Pokemon Dubbing Indonesia · Trusted Source

Pada akhir 1990-an, target penonton anime di Indonesia adalah anak-anak usia 5-12 tahun. Kemampuan membaca subtitle rata-rata anak seusia itu masih rendah. Oleh karena itu, menjadi pilihan mutlak.

They had no script guides. No directors. They translated on the fly, often making up dialogue when they couldn't understand the English slang.

They reached a compromise: Pikachu would say mostly "Pika-pika," but in moments of extreme emotion, a single word of Indonesian would slip out. Pokemon Dubbing Indonesia

"Your Pikachu," he said, "is very rude. And very loved. Continue."

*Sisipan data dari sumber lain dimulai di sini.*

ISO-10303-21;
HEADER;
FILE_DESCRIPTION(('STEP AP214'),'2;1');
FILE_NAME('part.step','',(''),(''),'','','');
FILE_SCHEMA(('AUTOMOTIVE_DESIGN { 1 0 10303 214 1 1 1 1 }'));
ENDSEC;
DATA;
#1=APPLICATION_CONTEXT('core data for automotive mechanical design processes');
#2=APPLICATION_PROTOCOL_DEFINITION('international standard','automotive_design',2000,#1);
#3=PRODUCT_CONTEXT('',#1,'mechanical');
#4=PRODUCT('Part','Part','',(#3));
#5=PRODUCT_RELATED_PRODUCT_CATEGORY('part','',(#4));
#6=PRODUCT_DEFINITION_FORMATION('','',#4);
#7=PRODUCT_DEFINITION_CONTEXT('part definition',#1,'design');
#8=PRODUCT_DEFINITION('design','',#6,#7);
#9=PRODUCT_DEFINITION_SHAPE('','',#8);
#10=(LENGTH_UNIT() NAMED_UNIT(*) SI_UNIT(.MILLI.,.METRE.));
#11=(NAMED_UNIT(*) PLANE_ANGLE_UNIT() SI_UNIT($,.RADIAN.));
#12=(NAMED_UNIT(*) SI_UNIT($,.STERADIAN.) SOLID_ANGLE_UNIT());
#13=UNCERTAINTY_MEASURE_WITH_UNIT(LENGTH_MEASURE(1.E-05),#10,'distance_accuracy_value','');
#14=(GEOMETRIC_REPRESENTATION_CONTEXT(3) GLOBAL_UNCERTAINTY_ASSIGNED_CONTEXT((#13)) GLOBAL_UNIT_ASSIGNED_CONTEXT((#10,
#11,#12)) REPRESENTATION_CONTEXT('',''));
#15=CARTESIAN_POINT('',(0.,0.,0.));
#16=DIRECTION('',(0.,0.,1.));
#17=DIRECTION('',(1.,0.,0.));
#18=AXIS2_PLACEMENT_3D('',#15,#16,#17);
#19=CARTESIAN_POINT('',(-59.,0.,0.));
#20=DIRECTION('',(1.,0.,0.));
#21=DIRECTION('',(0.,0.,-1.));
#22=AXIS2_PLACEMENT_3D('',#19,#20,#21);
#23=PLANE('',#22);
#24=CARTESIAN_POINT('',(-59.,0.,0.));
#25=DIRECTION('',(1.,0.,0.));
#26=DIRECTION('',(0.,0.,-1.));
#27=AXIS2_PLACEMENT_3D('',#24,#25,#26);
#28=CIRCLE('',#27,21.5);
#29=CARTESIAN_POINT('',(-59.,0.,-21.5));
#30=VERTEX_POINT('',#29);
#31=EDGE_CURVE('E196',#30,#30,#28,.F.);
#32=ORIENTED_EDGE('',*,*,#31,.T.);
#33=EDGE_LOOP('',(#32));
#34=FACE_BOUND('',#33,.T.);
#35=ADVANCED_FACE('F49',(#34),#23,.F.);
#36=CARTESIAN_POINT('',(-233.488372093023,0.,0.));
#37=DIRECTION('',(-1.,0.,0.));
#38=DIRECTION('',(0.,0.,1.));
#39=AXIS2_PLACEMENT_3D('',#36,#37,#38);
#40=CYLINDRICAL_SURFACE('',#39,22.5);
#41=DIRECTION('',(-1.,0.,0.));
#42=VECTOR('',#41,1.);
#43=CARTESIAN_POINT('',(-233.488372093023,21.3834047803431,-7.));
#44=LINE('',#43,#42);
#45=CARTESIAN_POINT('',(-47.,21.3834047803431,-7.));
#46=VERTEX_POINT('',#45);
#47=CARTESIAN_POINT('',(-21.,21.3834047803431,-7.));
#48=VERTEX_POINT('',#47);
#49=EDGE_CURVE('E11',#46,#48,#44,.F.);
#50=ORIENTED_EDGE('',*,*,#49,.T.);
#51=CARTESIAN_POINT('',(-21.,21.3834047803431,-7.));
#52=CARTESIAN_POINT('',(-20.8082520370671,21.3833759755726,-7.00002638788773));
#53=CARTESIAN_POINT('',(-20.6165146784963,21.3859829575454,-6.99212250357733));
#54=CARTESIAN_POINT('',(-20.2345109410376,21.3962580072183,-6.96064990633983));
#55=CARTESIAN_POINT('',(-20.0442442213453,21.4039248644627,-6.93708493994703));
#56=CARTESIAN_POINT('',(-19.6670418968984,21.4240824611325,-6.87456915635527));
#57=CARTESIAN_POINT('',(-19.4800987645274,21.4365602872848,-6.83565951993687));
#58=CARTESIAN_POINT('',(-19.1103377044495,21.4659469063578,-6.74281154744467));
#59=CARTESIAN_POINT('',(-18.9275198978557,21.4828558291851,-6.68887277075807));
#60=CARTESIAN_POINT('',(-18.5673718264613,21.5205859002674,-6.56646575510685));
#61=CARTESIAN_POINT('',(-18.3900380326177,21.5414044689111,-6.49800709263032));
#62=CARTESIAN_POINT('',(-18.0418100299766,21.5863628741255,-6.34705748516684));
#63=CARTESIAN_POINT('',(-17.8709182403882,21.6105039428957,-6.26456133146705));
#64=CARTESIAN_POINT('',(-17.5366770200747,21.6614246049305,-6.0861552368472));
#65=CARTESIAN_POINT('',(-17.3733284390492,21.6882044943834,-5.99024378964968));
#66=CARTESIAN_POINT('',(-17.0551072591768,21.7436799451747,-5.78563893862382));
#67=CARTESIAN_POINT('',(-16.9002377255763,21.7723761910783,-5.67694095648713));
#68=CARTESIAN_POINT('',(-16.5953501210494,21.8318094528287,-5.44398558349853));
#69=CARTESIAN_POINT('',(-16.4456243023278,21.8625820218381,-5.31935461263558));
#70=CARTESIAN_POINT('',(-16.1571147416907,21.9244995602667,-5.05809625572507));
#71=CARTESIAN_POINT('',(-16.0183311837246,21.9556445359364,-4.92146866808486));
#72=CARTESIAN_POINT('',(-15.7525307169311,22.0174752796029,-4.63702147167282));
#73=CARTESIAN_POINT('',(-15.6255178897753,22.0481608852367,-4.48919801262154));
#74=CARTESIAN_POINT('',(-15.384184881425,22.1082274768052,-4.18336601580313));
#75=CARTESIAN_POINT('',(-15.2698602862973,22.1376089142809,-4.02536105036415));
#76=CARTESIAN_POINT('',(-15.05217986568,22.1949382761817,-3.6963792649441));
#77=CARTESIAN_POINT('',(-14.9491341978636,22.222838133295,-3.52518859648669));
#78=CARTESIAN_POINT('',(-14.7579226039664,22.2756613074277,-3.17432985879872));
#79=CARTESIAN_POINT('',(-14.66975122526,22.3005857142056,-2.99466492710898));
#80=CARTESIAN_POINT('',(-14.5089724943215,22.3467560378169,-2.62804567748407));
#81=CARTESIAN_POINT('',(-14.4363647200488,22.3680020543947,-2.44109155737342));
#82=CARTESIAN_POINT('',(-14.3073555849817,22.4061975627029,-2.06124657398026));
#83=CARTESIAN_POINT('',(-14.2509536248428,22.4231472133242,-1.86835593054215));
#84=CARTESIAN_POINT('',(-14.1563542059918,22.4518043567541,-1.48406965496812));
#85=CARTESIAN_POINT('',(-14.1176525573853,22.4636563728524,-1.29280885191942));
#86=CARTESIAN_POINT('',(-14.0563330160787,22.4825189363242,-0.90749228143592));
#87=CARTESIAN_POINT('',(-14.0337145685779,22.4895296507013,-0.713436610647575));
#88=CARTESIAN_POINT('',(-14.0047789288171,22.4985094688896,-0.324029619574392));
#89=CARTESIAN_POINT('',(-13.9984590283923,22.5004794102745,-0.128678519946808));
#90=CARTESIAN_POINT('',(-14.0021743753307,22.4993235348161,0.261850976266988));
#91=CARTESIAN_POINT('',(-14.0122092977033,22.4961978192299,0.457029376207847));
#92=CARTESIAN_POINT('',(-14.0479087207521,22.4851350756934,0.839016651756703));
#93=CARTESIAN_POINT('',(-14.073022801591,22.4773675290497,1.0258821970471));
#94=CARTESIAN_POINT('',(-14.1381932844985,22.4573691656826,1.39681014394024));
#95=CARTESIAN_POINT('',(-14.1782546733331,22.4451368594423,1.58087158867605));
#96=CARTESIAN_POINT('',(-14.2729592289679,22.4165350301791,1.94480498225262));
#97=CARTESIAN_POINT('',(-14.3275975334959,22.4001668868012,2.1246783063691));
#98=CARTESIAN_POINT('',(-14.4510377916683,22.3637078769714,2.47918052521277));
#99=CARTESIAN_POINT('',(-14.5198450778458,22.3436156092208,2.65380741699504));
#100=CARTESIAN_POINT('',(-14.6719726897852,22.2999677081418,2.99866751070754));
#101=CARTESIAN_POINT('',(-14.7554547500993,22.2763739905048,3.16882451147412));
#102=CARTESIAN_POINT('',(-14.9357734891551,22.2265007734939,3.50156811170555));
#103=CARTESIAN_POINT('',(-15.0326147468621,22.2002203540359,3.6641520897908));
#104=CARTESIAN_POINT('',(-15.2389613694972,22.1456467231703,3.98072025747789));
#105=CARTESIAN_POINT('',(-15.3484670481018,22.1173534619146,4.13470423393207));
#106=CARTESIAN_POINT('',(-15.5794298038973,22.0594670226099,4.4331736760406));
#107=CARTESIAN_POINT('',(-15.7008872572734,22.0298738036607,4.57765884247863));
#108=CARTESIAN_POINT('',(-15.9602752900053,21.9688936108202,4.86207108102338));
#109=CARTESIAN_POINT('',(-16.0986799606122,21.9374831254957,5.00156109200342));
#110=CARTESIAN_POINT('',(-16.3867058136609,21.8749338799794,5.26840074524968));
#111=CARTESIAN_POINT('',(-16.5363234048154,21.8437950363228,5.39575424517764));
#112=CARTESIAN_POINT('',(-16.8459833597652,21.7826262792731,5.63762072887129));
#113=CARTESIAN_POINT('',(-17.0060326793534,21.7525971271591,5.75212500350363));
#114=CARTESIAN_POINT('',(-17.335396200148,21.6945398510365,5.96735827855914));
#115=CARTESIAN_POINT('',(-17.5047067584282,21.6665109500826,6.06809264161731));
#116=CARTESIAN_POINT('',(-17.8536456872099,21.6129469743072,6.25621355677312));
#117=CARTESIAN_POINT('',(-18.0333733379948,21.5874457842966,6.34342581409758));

But the kids? The kids of the 2005 generation loved it. It was their Pikachu. A Pikachu that complained about homework, that asked for indomie after a battle, that told Satoshi he was being an idiot. Risa had turned a mascot into a character. Pada akhir 1990-an, target penonton anime di Indonesia

Memasuki tahun 2010-an, popularitas Pokemon di TV nasional mulai meredup. Beberapa faktor penyebabnya:

Sebelum era streaming, televisi nasional adalah satu-satunya gerbang menuju dunia Pokemon. Stasiun televisi seperti (akhir 1990-an hingga awal 2000-an) dan kemudian Global TV adalah pelopor utama dubbing Pokemon ke dalam Bahasa Indonesia. They had no script guides

The boy’s mother, who watched the old VHS dubs as a child, hears it. She smiles. The voice has changed. The technology has changed. But the soul—the loud, chaotic, loving, Indonesian soul—is exactly the same.

Twenty years later, a documentary is made. It’s called "Suara dari Kaset" (Voice from the Cassette). It tracks down Pak Bambang, now an old man selling phone chargers in Glodok. He cries when he sees a montage of clips from his illegal dubs, played side-by-side with the official ones.

Para pengisi suara ini bekerja dalam tekanan tinggi. Mereka harus menyelesaikan 1 episode (kurang lebih 20 menit) dalam waktu 30-45 menit, tanpa panduan lipsync yang canggih seperti sekarang. Hasilnya? Kadang ada jeda echo atau suara latar yang tertinggal, tetapi justru itu yang membuatnya "berkarakter."

Sulit untuk berbicara tentang Pokemon di Indonesia tanpa menyebut INDOSIAR. Stasiun televisi swasta ini adalah "rumah" bagi banyak anime legendaris, termasuk Pokemon. Pada era keemasan ini, strategi dubbing Indonesia sangat unik karena cenderung mengambil referensi dari versi Inggris (4Kids Entertainment) alih-alih versi asli Jepangnya.